# Try it
Your answer is to be every line of the material that includes the string "curves".

# Source information

=== Begin Enclosure ===

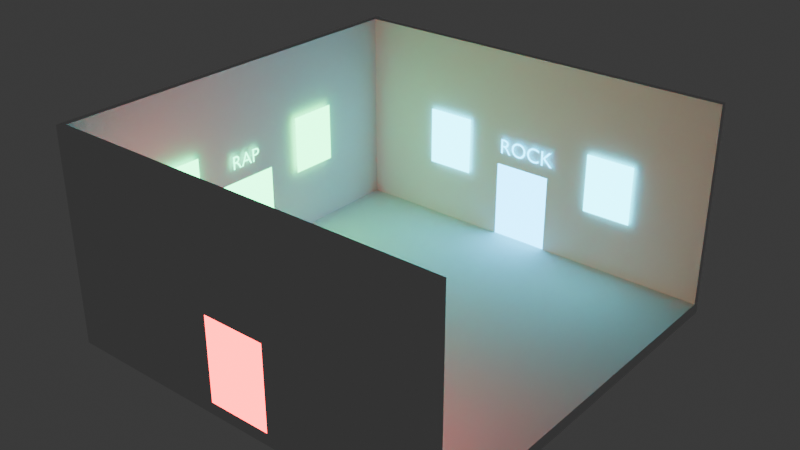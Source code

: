 # Source: untitled.blend  (saved by Blender 4.1.24; exported with 4.5.12 LTS)
import bpy
from mathutils import Matrix  # noqa: F401  (used for matrix-valued properties, if any)

bpy.ops.wm.read_factory_settings(use_empty=True)
scene = bpy.context.scene
scene.name = 'Scene'

# ---- collections
col_collection = bpy.data.collections.new('Collection'); scene.collection.children.link(col_collection)

# ---- materials (node trees are filled in below, after node groups)
mat_material_001 = bpy.data.materials.new('Material.001')
mat_material_001.use_transparent_shadow = False
mat_material_002 = bpy.data.materials.new('Material.002')
mat_material_002.use_transparent_shadow = False
mat_material_003 = bpy.data.materials.new('Material.003')
mat_material_003.use_transparent_shadow = False
mat_material_004 = bpy.data.materials.new('Material.004')
mat_material_004.use_transparent_shadow = False
mat_material_005 = bpy.data.materials.new('Material.005')
mat_material_005.use_transparent_shadow = False
mat_material_009 = bpy.data.materials.new('Material.009')
mat_material_009.use_transparent_shadow = False
mat_material_008 = bpy.data.materials.new('Material.008')
mat_material_008.use_transparent_shadow = False
mat_material_007 = bpy.data.materials.new('Material.007')
mat_material_007.use_transparent_shadow = False
mat_material_010 = bpy.data.materials.new('Material.010')
mat_material_010.use_transparent_shadow = False
mat_material_011 = bpy.data.materials.new('Material.011')
mat_material_011.use_transparent_shadow = False

# ---- material node trees
mat_material_001.use_nodes = True; mat_material_001.node_tree.nodes.clear()
_N = mat_material_001.node_tree.nodes; _L = mat_material_001.node_tree.links
n0 = _N.new('ShaderNodeOutputMaterial'); n0.name = 'Material Output'; n0.location = (300, 300)
n1 = _N.new('ShaderNodeEmission'); n1.name = 'Emission'; n1.location = (10, 300)
n1.inputs[0].default_value = (1.0, 0.02999, 0.03675, 1.0)
n1.inputs[1].default_value = 10.0
_L.new(n1.outputs[0], n0.inputs[0])
n0.is_active_output = True
mat_material_002.use_nodes = True; mat_material_002.node_tree.nodes.clear()
_N = mat_material_002.node_tree.nodes; _L = mat_material_002.node_tree.links
n0 = _N.new('ShaderNodeOutputMaterial'); n0.name = 'Material Output'; n0.location = (300, 300)
n1 = _N.new('ShaderNodeEmission'); n1.name = 'Emission'; n1.location = (10, 300)
n1.inputs[0].default_value = (0.03918, 0.5644, 1.0, 1.0)
n1.inputs[1].default_value = 10.0
_L.new(n1.outputs[0], n0.inputs[0])
n0.is_active_output = True
mat_material_003.use_nodes = True; mat_material_003.node_tree.nodes.clear()
_N = mat_material_003.node_tree.nodes; _L = mat_material_003.node_tree.links
n0 = _N.new('ShaderNodeOutputMaterial'); n0.name = 'Material Output'; n0.location = (300, 300)
n1 = _N.new('ShaderNodeEmission'); n1.name = 'Emission'; n1.location = (10, 300)
n1.inputs[0].default_value = (0.05675, 1.0, 0.3592, 1.0)
n1.inputs[1].default_value = 10.0
_L.new(n1.outputs[0], n0.inputs[0])
n0.is_active_output = True
mat_material_004.use_nodes = True; mat_material_004.node_tree.nodes.clear()
_N = mat_material_004.node_tree.nodes; _L = mat_material_004.node_tree.links
n0 = _N.new('ShaderNodeOutputMaterial'); n0.name = 'Material Output'; n0.location = (300, 300)
n1 = _N.new('ShaderNodeEmission'); n1.name = 'Emission'; n1.location = (10, 300)
n1.inputs[0].default_value = (0.03352, 0.7881, 1.0, 1.0)
n1.inputs[1].default_value = 10.0
_L.new(n1.outputs[0], n0.inputs[0])
n0.is_active_output = True
mat_material_005.use_nodes = True; mat_material_005.node_tree.nodes.clear()
_N = mat_material_005.node_tree.nodes; _L = mat_material_005.node_tree.links
n0 = _N.new('ShaderNodeOutputMaterial'); n0.name = 'Material Output'; n0.location = (300, 300)
n1 = _N.new('ShaderNodeEmission'); n1.name = 'Emission'; n1.location = (10, 300)
n1.inputs[0].default_value = (0.009184, 0.6104, 1.0, 1.0)
n1.inputs[1].default_value = 10.0
_L.new(n1.outputs[0], n0.inputs[0])
n0.is_active_output = True
mat_material_009.use_nodes = True; mat_material_009.node_tree.nodes.clear()
_N = mat_material_009.node_tree.nodes; _L = mat_material_009.node_tree.links
n0 = _N.new('ShaderNodeOutputMaterial'); n0.name = 'Material Output'; n0.location = (300, 300)
n1 = _N.new('ShaderNodeEmission'); n1.name = 'Emission'; n1.location = (10, 300)
n1.inputs[0].default_value = (1.0, 0.04591, 0.09286, 1.0)
n1.inputs[1].default_value = 10.0
_L.new(n1.outputs[0], n0.inputs[0])
n0.is_active_output = True
mat_material_008.use_nodes = True; mat_material_008.node_tree.nodes.clear()
_N = mat_material_008.node_tree.nodes; _L = mat_material_008.node_tree.links
n0 = _N.new('ShaderNodeOutputMaterial'); n0.name = 'Material Output'; n0.location = (300, 300)
n1 = _N.new('ShaderNodeEmission'); n1.name = 'Emission'; n1.location = (10, 300)
n1.inputs[0].default_value = (1.0, 0.02387, 0.07873, 1.0)
n1.inputs[1].default_value = 10.0
_L.new(n1.outputs[0], n0.inputs[0])
n0.is_active_output = True
mat_material_007.use_nodes = True; mat_material_007.node_tree.nodes.clear()
_N = mat_material_007.node_tree.nodes; _L = mat_material_007.node_tree.links
n0 = _N.new('ShaderNodeOutputMaterial'); n0.name = 'Material Output'; n0.location = (300, 300)
n1 = _N.new('ShaderNodeEmission'); n1.name = 'Emission'; n1.location = (10, 300)
n1.inputs[0].default_value = (0.04979, 1.0, 0.3357, 1.0)
n1.inputs[1].default_value = 10.0
_L.new(n1.outputs[0], n0.inputs[0])
n0.is_active_output = True
mat_material_010.use_nodes = True; mat_material_010.node_tree.nodes.clear()
_N = mat_material_010.node_tree.nodes; _L = mat_material_010.node_tree.links
n0 = _N.new('ShaderNodeOutputMaterial'); n0.name = 'Material Output'; n0.location = (300, 300)
n1 = _N.new('ShaderNodeEmission'); n1.name = 'Emission'; n1.location = (10, 300)
n1.inputs[0].default_value = (0.03546, 1.0, 0.4389, 1.0)
n1.inputs[1].default_value = 10.0
_L.new(n1.outputs[0], n0.inputs[0])
n0.is_active_output = True
mat_material_011.use_nodes = True; mat_material_011.node_tree.nodes.clear()
_N = mat_material_011.node_tree.nodes; _L = mat_material_011.node_tree.links
n0 = _N.new('ShaderNodeOutputMaterial'); n0.name = 'Material Output'; n0.location = (300, 300)
n1 = _N.new('ShaderNodeEmission'); n1.name = 'Emission'; n1.location = (10, 300)
n1.inputs[0].default_value = (1.0, 0.1222, 0.1193, 1.0)
n1.inputs[1].default_value = 10.0
_L.new(n1.outputs[0], n0.inputs[0])
n0.is_active_output = True

# ---- world
world_world = bpy.data.worlds.new('World'); scene.world = world_world
world_world.use_nodes = True; world_world.node_tree.nodes.clear()
_N = world_world.node_tree.nodes; _L = world_world.node_tree.links
n0 = _N.new('ShaderNodeOutputWorld'); n0.name = 'World Output'; n0.location = (300, 300)
n1 = _N.new('ShaderNodeBackground'); n1.name = 'Background'; n1.location = (10, 300)
n1.inputs[0].default_value = (0.05088, 0.05088, 0.05088, 1.0)
_L.new(n1.outputs[0], n0.inputs[0])
n0.is_active_output = True
world_world.color = (0.05088, 0.05088, 0.05088)
world_world.use_sun_shadow = False
world_world.sun_shadow_jitter_overblur = 0.0

# ---- meshes
me_plane = bpy.data.meshes.new('Plane')
me_plane.from_pydata([(-1.0, -1.0, 0.0), (1.0, -1.0, 0.0), (-1.0, 1.0, 0.0), (1.0, 1.0, 0.0), (-1.0, -1.0, -0.6), (1.0, -1.0, -0.6), (-1.0, 1.0, -0.6), (1.0, 1.0, -0.6)], [], [(0, 1, 3, 2), (4, 6, 7, 5), (0, 2, 6, 4), (1, 0, 4, 5), (3, 1, 5, 7), (2, 3, 7, 6)])
_uv = me_plane.uv_layers.new(name='UVMap')
_uv.uv.foreach_set('vector', [0.0, 0.0, 1.0, 0.0, 1.0, 1.0, 0.0, 1.0, 0.0, 0.0, 0.0, 1.0, 1.0, 1.0, 1.0, 0.0, 0.0, 0.0, 0.0, 1.0, 0.0, 1.0, 0.0, 0.0, 1.0, 0.0, 0.0, 0.0, 0.0, 0.0, 1.0, 0.0, 1.0, 1.0, 1.0, 0.0, 1.0, 0.0, 1.0, 1.0, 0.0, 1.0, 1.0, 1.0, 1.0, 1.0, 0.0, 1.0])
me_plane.update()
me_plane_001 = bpy.data.meshes.new('Plane.001')
me_plane_001.from_pydata([(-1.0, -1.0, 0.0), (1.0, -1.0, 0.0), (-1.0, 1.0, 0.0), (1.0, 1.0, 0.0), (-0.15, -0.2, 0.0), (-0.15, -1.0, 0.0), (0.15, -1.0, 0.0), (0.15, -0.2, 0.0)], [], [(6, 1, 3, 2, 0, 5, 4, 7)])
_uv = me_plane_001.uv_layers.new(name='UVMap')
_uv.uv.foreach_set('vector', [0.575, 0.0, 1.0, 0.0, 1.0, 1.0, 0.0, 1.0, 0.0, 0.0, 0.425, 0.0, 0.425, 0.4, 0.575, 0.4])
me_plane_001.update()
me_plane_002 = bpy.data.meshes.new('Plane.002')
me_plane_002.from_pydata([(-1.0, -1.0, 0.0), (1.0, -1.0, 0.0), (-1.0, 1.0, 0.0), (1.0, 1.0, 0.0), (-0.15, -1.0, 0.0), (-0.15, -0.2, 0.0), (0.15, -0.2, 0.0), (0.15, -1.0, 0.0)], [], [(7, 1, 3, 2, 0, 4, 5, 6)])
_uv = me_plane_002.uv_layers.new(name='UVMap')
_uv.uv.foreach_set('vector', [0.575, 0.0, 1.0, 0.0, 1.0, 1.0, 0.0, 1.0, 0.0, 0.0, 0.425, 0.0, 0.425, 0.4, 0.575, 0.4])
me_plane_002.update()
me_plane_008 = bpy.data.meshes.new('Plane.008')
me_plane_008.from_pydata([(-10.0, -5.0, 0.0), (10.0, -5.0, 0.0), (-10.0, 5.0, 0.0), (10.0, 5.0, 0.0), (-10.0, -5.0, -0.3), (10.0, -5.0, -0.3), (-10.0, 5.0, -0.3), (10.0, 5.0, -0.3), (-1.627, -5.0, 0.0), (-1.627, -1.0, 0.0), (1.373, -1.0, 0.0), (1.373, -5.0, 0.0), (-1.627, -1.0, -0.3), (-1.627, -5.0, -0.3), (1.373, -5.0, -0.3), (1.373, -1.0, -0.3)], [], [(11, 1, 3, 2, 0, 8, 9, 10), (4, 6, 7, 5, 14, 15, 12, 13), (0, 2, 6, 4), (8, 0, 4, 13), (14, 5, 1, 11), (3, 1, 5, 7), (2, 3, 7, 6), (11, 10, 15, 14), (12, 9, 8, 13), (15, 10, 9, 12)])
_uv = me_plane_008.uv_layers.new(name='UVMap')
_uv.uv.foreach_set('vector', [0.5686, 0.0, 1.0, 0.0, 1.0, 1.0, 0.0, 1.0, 0.0, 0.0, 0.4186, 0.0, 0.4186, 0.4, 0.5686, 0.4, 0.0, 0.0, 0.0, 1.0, 1.0, 1.0, 1.0, 0.0, 0.5686, 0.0, 0.5686, 0.4, 0.4186, 0.4, 0.4186, 0.0, 0.0, 0.0, 0.0, 1.0, 0.0, 1.0, 0.0, 0.0, 0.4186, 0.0, 0.0, 0.0, 0.0, 0.0, 0.4186, 0.0, 0.5686, 0.0, 1.0, 0.0, 1.0, 0.0, 0.5686, 0.0, 1.0, 1.0, 1.0, 0.0, 1.0, 0.0, 1.0, 1.0, 0.0, 1.0, 1.0, 1.0, 1.0, 1.0, 0.0, 1.0, 0.375, 0.4467, 0.375, 0.4467, 0.375, 0.3717, 0.375, 0.3717, 0.375, 0.8783, 0.375, 0.8033, 0.375, 0.8033, 0.375, 0.8783, 0.625, 0.5, 0.625, 0.5, 0.625, 0.75, 0.625, 0.75])
me_plane_008.update()
me_cube_002 = bpy.data.meshes.new('Cube.002')
me_cube_002.from_pydata([(-1.0, -1.0, -1.0), (-1.0, -1.0, 1.0), (-1.0, 1.0, -1.0), (-1.0, 1.0, 1.0), (1.0, -1.0, -1.0), (1.0, -1.0, 1.0), (1.0, 1.0, -1.0), (1.0, 1.0, 1.0)], [], [(0, 1, 3, 2), (2, 3, 7, 6), (6, 7, 5, 4), (4, 5, 1, 0), (2, 6, 4, 0), (7, 3, 1, 5)])
_uv = me_cube_002.uv_layers.new(name='UVMap')
_uv.uv.foreach_set('vector', [0.375, 0.0, 0.625, 0.0, 0.625, 0.25, 0.375, 0.25, 0.375, 0.25, 0.625, 0.25, 0.625, 0.5, 0.375, 0.5, 0.375, 0.5, 0.625, 0.5, 0.625, 0.75, 0.375, 0.75, 0.375, 0.75, 0.625, 0.75, 0.625, 1.0, 0.375, 1.0, 0.125, 0.5, 0.375, 0.5, 0.375, 0.75, 0.125, 0.75, 0.625, 0.5, 0.875, 0.5, 0.875, 0.75, 0.625, 0.75])
me_cube_002.materials.append(mat_material_001)
me_cube_002.update()
me_cube_005 = bpy.data.meshes.new('Cube.005')
me_cube_005.from_pydata([(-1.0, -1.0, -1.0), (-1.0, -1.0, 1.0), (-1.0, 1.0, -1.0), (-1.0, 1.0, 1.0), (1.0, -1.0, -1.0), (1.0, -1.0, 1.0), (1.0, 1.0, -1.0), (1.0, 1.0, 1.0)], [], [(0, 1, 3, 2), (2, 3, 7, 6), (6, 7, 5, 4), (4, 5, 1, 0), (2, 6, 4, 0), (7, 3, 1, 5)])
_uv = me_cube_005.uv_layers.new(name='UVMap')
_uv.uv.foreach_set('vector', [0.375, 0.0, 0.625, 0.0, 0.625, 0.25, 0.375, 0.25, 0.375, 0.25, 0.625, 0.25, 0.625, 0.5, 0.375, 0.5, 0.375, 0.5, 0.625, 0.5, 0.625, 0.75, 0.375, 0.75, 0.375, 0.75, 0.625, 0.75, 0.625, 1.0, 0.375, 1.0, 0.125, 0.5, 0.375, 0.5, 0.375, 0.75, 0.125, 0.75, 0.625, 0.5, 0.875, 0.5, 0.875, 0.75, 0.625, 0.75])
me_cube_005.materials.append(mat_material_002)
me_cube_005.update()
me_cube_008 = bpy.data.meshes.new('Cube.008')
me_cube_008.from_pydata([(-1.0, -1.0, -1.0), (-1.0, -1.0, 1.0), (-1.0, 1.0, -1.0), (-1.0, 1.0, 1.0), (0.8113, 0.735, 0.4902), (1.0, -1.0, 1.0), (1.0, 1.0, -1.0), (1.0, 1.0, 1.0), (1.0, 0.735, 0.4902), (1.0, -1.0, 0.4902), (1.0, 0.735, -1.0), (0.8113, -1.0, 0.4902), (0.8113, -1.0, -1.0), (0.8113, 0.735, -1.0)], [], [(0, 1, 3, 2), (2, 3, 7, 6), (6, 7, 5, 9, 8, 10), (9, 5, 1, 0, 12, 11), (12, 0, 2, 6, 10, 13), (7, 3, 1, 5), (13, 4, 11, 12), (10, 8, 4, 13), (4, 8, 9, 11)])
_uv = me_cube_008.uv_layers.new(name='UVMap')
_uv.uv.foreach_set('vector', [0.375, 0.0, 0.625, 0.0, 0.625, 0.25, 0.375, 0.25, 0.375, 0.25, 0.625, 0.25, 0.625, 0.5, 0.375, 0.5, 0.375, 0.5, 0.625, 0.5, 0.625, 0.75, 0.5613, 0.75, 0.5613, 0.5331, 0.375, 0.5331, 0.5613, 0.75, 0.625, 0.75, 0.625, 1.0, 0.375, 1.0, 0.375, 0.7736, 0.5613, 0.7736, 0.3514, 0.75, 0.125, 0.75, 0.125, 0.5, 0.375, 0.5, 0.375, 0.5331, 0.3514, 0.5331, 0.625, 0.5, 0.875, 0.5, 0.875, 0.75, 0.625, 0.75, 0.4191, 0.25, 0.625, 0.25, 0.625, 0.002147, 0.4191, 0.002147, 0.4191, 0.2783, 0.625, 0.2783, 0.625, 0.25, 0.4191, 0.25, 0.875, 0.5, 0.8467, 0.5, 0.8467, 0.7479, 0.875, 0.7479])
me_cube_008.materials.append(mat_material_003)
me_cube_008.update()
me_plane_010 = bpy.data.meshes.new('Plane.010')
me_plane_010.from_pydata([(-1.0, -1.0, 0.0), (1.0, -1.0, 0.0), (-1.0, 1.0, 0.0), (1.0, 1.0, 0.0)], [], [(0, 1, 3, 2)])
_uv = me_plane_010.uv_layers.new(name='UVMap')
_uv.uv.foreach_set('vector', [0.0, 0.0, 1.0, 0.0, 1.0, 1.0, 0.0, 1.0])
me_plane_010.materials.append(mat_material_004)
me_plane_010.update()
me_plane_003 = bpy.data.meshes.new('Plane.003')
me_plane_003.from_pydata([(-1.0, -1.0, 0.0), (1.0, -1.0, 0.0), (-1.0, 1.0, 0.0), (1.0, 1.0, 0.0)], [], [(0, 1, 3, 2)])
_uv = me_plane_003.uv_layers.new(name='UVMap')
_uv.uv.foreach_set('vector', [0.0, 0.0, 1.0, 0.0, 1.0, 1.0, 0.0, 1.0])
me_plane_003.materials.append(mat_material_004)
me_plane_003.materials.append(None)
me_plane_003.update()
me_plane_004 = bpy.data.meshes.new('Plane.004')
me_plane_004.from_pydata([(-1.0, -1.0, 0.0), (1.0, -1.0, 0.0), (-1.0, 1.0, 0.0), (1.0, 1.0, 0.0)], [], [(0, 1, 3, 2)])
_uv = me_plane_004.uv_layers.new(name='UVMap')
_uv.uv.foreach_set('vector', [0.0, 0.0, 1.0, 0.0, 1.0, 1.0, 0.0, 1.0])
me_plane_004.materials.append(mat_material_009)
me_plane_004.update()
me_plane_005 = bpy.data.meshes.new('Plane.005')
me_plane_005.from_pydata([(-1.0, -1.0, 0.0), (1.0, -1.0, 0.0), (-1.0, 1.0, 0.0), (1.0, 1.0, 0.0)], [], [(0, 1, 3, 2)])
_uv = me_plane_005.uv_layers.new(name='UVMap')
_uv.uv.foreach_set('vector', [0.0, 0.0, 1.0, 0.0, 1.0, 1.0, 0.0, 1.0])
me_plane_005.materials.append(mat_material_008)
me_plane_005.update()
me_plane_006 = bpy.data.meshes.new('Plane.006')
me_plane_006.from_pydata([(-1.0, -1.0, 0.0), (1.0, -1.0, 0.0), (-1.0, 1.0, 0.0), (1.0, 1.0, 0.0)], [], [(0, 1, 3, 2)])
_uv = me_plane_006.uv_layers.new(name='UVMap')
_uv.uv.foreach_set('vector', [0.0, 0.0, 1.0, 0.0, 1.0, 1.0, 0.0, 1.0])
me_plane_006.materials.append(mat_material_007)
me_plane_006.materials.append(None)
me_plane_006.update()
me_plane_009 = bpy.data.meshes.new('Plane.009')
me_plane_009.from_pydata([(-1.0, -1.0, 0.0), (1.0, -1.0, 0.0), (-1.0, 1.0, 0.0), (1.0, 1.0, 0.0)], [], [(0, 1, 3, 2)])
_uv = me_plane_009.uv_layers.new(name='UVMap')
_uv.uv.foreach_set('vector', [0.0, 0.0, 1.0, 0.0, 1.0, 1.0, 0.0, 1.0])
me_plane_009.materials.append(mat_material_007)
me_plane_009.materials.append(None)
me_plane_009.update()

# ---- curves / text
txt_rock = bpy.data.curves.new('ROCK', 'FONT')
txt_rock.dimensions = '2D'
txt_rock.body = 'ROCK'
txt_rock.materials.append(mat_material_005)
txt_text = bpy.data.curves.new('Text', 'FONT')
txt_text.dimensions = '2D'
txt_text.body = 'RAP'
txt_text.materials.append(mat_material_010)
txt_text_001 = bpy.data.curves.new('Text.001', 'FONT')
txt_text_001.dimensions = '2D'
txt_text_001.body = 'HIP-HOP'
txt_text_001.materials.append(mat_material_011)

# ---- objects
ob_floor = bpy.data.objects.new('floor', me_plane)
ob_mur_droite = bpy.data.objects.new('mur_droite', me_plane_001)
ob_mur_gauche = bpy.data.objects.new('mur_gauche', me_plane_002)
ob_mur_arriere = bpy.data.objects.new('mur_arriere', me_plane_008)
ob_cadre_porte_1 = bpy.data.objects.new('cadre_porte_1', me_cube_002)
ob_cadre_porte_2 = bpy.data.objects.new('cadre_porte_2', me_cube_005)
ob_cadre_porte_3 = bpy.data.objects.new('cadre_porte_3', me_cube_008)
ob_panneau_rock = bpy.data.objects.new('panneau_rock', me_plane_010)
ob_rock = bpy.data.objects.new('ROCK', txt_rock)
ob_panneau_rock_1 = bpy.data.objects.new('panneau_rock.1', me_plane_003)
ob_panneau_rap = bpy.data.objects.new('panneau_rap', me_plane_004)
ob_panneau_rap2 = bpy.data.objects.new('panneau_rap2', me_plane_005)
ob_panneau_hiphop = bpy.data.objects.new('panneau_hiphop', me_plane_006)
ob_panneau_hiphop2 = bpy.data.objects.new('panneau_hiphop2', me_plane_009)
ob_rap = bpy.data.objects.new('RAP', txt_text)
ob_hiphop = bpy.data.objects.new('hiphop', txt_text_001)

# ---- transforms, parenting, visibility, modifiers, constraints
ob_floor.location = (0.0, 0.0, 0.0)
ob_floor.scale = (10.0, 10.0, 1.0)
ob_mur_droite.location = (0.0, 9.669, 5.0)
ob_mur_droite.rotation_euler = (1.571, 0.0, 0.0)
ob_mur_droite.scale = (10.0, 5.0, 1.0)
_m = ob_mur_droite.modifiers.new('Solidify', 'SOLIDIFY')
_m.thickness = 0.3
ob_mur_gauche.location = (0.0, -10.0, 5.0)
ob_mur_gauche.rotation_euler = (1.571, 0.0, 0.0)
ob_mur_gauche.scale = (10.0, 5.0, 1.0)
_m = ob_mur_gauche.modifiers.new('Solidify', 'SOLIDIFY')
_m.thickness = 0.3
ob_mur_arriere.location = (-9.713, 0.127, 5.0)
ob_mur_arriere.rotation_euler = (1.571, 0.0, 1.571)
ob_cadre_porte_1.location = (0.0, -9.85, 2.1)
ob_cadre_porte_1.scale = (1.6, 0.15, 2.1)
ob_cadre_porte_2.location = (0.0, 9.85, 2.1)
ob_cadre_porte_2.scale = (1.6, 0.15, 2.1)
ob_cadre_porte_3.location = (-9.85, 0.0, 2.1)
ob_cadre_porte_3.scale = (0.15, 1.6, 2.1)
ob_panneau_rock.location = (-4.414, 9.5, 4.5)
ob_panneau_rock.rotation_euler = (1.571, 0.0, 0.0)
ob_panneau_rock.scale = (1.25, 1.5, 2.012)
ob_rock.location = (-1.297, 9.5, 4.7)
ob_rock.rotation_euler = (1.571, -0.0, 0.0)
ob_rock.scale = (1.123, 1.123, 1.123)
ob_panneau_rock_1.location = (5.0, 9.5, 4.5)
ob_panneau_rock_1.rotation_euler = (1.571, 0.0, 0.0)
ob_panneau_rock_1.scale = (1.25, 1.5, 2.012)
ob_panneau_rap.location = (6.336, -9.479, 5.0)
ob_panneau_rap.rotation_euler = (1.571, 0.0, 0.0)
ob_panneau_rap.scale = (1.25, 1.5, 2.012)
ob_panneau_rap2.location = (-5.132, -9.366, 5.0)
ob_panneau_rap2.rotation_euler = (1.571, 0.0, 0.0)
ob_panneau_rap2.scale = (1.25, 1.5, 2.012)
ob_panneau_hiphop.location = (-9.444, 4.407, 4.914)
ob_panneau_hiphop.rotation_euler = (1.571, 0.0, 1.571)
ob_panneau_hiphop.scale = (1.25, 1.5, 2.012)
ob_panneau_hiphop2.location = (-9.444, -4.491, 4.863)
ob_panneau_hiphop2.rotation_euler = (1.571, 0.0, 1.571)
ob_panneau_hiphop2.scale = (1.25, 1.5, 2.012)
ob_rap.location = (-9.5, -1.153, 5.002)
ob_rap.rotation_euler = (1.571, 0.0, 1.571)
ob_hiphop.location = (2.157, -9.5, 5.039)
ob_hiphop.rotation_euler = (1.571, 0.0, 3.142)

# ---- collection membership
col_collection.objects.link(ob_floor)
col_collection.objects.link(ob_mur_droite)
col_collection.objects.link(ob_mur_gauche)
col_collection.objects.link(ob_mur_arriere)
col_collection.objects.link(ob_cadre_porte_1)
col_collection.objects.link(ob_cadre_porte_2)
col_collection.objects.link(ob_cadre_porte_3)
col_collection.objects.link(ob_panneau_rock)
col_collection.objects.link(ob_rock)
col_collection.objects.link(ob_panneau_rock_1)
col_collection.objects.link(ob_panneau_rap)
col_collection.objects.link(ob_panneau_rap2)
col_collection.objects.link(ob_panneau_hiphop)
col_collection.objects.link(ob_panneau_hiphop2)
col_collection.objects.link(ob_rap)
col_collection.objects.link(ob_hiphop)

# ---- scene / render settings (as saved in the file)
scene.frame_start = 1; scene.frame_end = 250; scene.frame_set(1)
scene.render.engine = 'BLENDER_EEVEE_NEXT'
scene.cycles.sampling_pattern = 'TABULATED_SOBOL'
scene.eevee.ray_tracing_options.trace_max_roughness = 0.0
bpy.context.view_layer.update()

# ---- added for rendering (the .blend has no active camera): camera
cam_auto = bpy.data.cameras.new('AutoCamera')
cam_auto.lens = 50.0
cam_auto.sensor_width = 36.0
cam_auto.clip_end = 1000.0
ob_auto_camera = bpy.data.objects.new('AutoCamera', cam_auto)
scene.collection.objects.link(ob_auto_camera)
ob_auto_camera.location = (28.0261, -33.5756, 27.1261)
ob_auto_camera.rotation_euler = (1.09748, -7.21219e-08, 0.694738)
scene.camera = ob_auto_camera
bpy.context.view_layer.update()

=== End Enclosure ===

# Solution
# ---- curves / text
txt_rock = bpy.data.curves.new('ROCK', 'FONT')
txt_text = bpy.data.curves.new('Text', 'FONT')
txt_text_001 = bpy.data.curves.new('Text.001', 'FONT')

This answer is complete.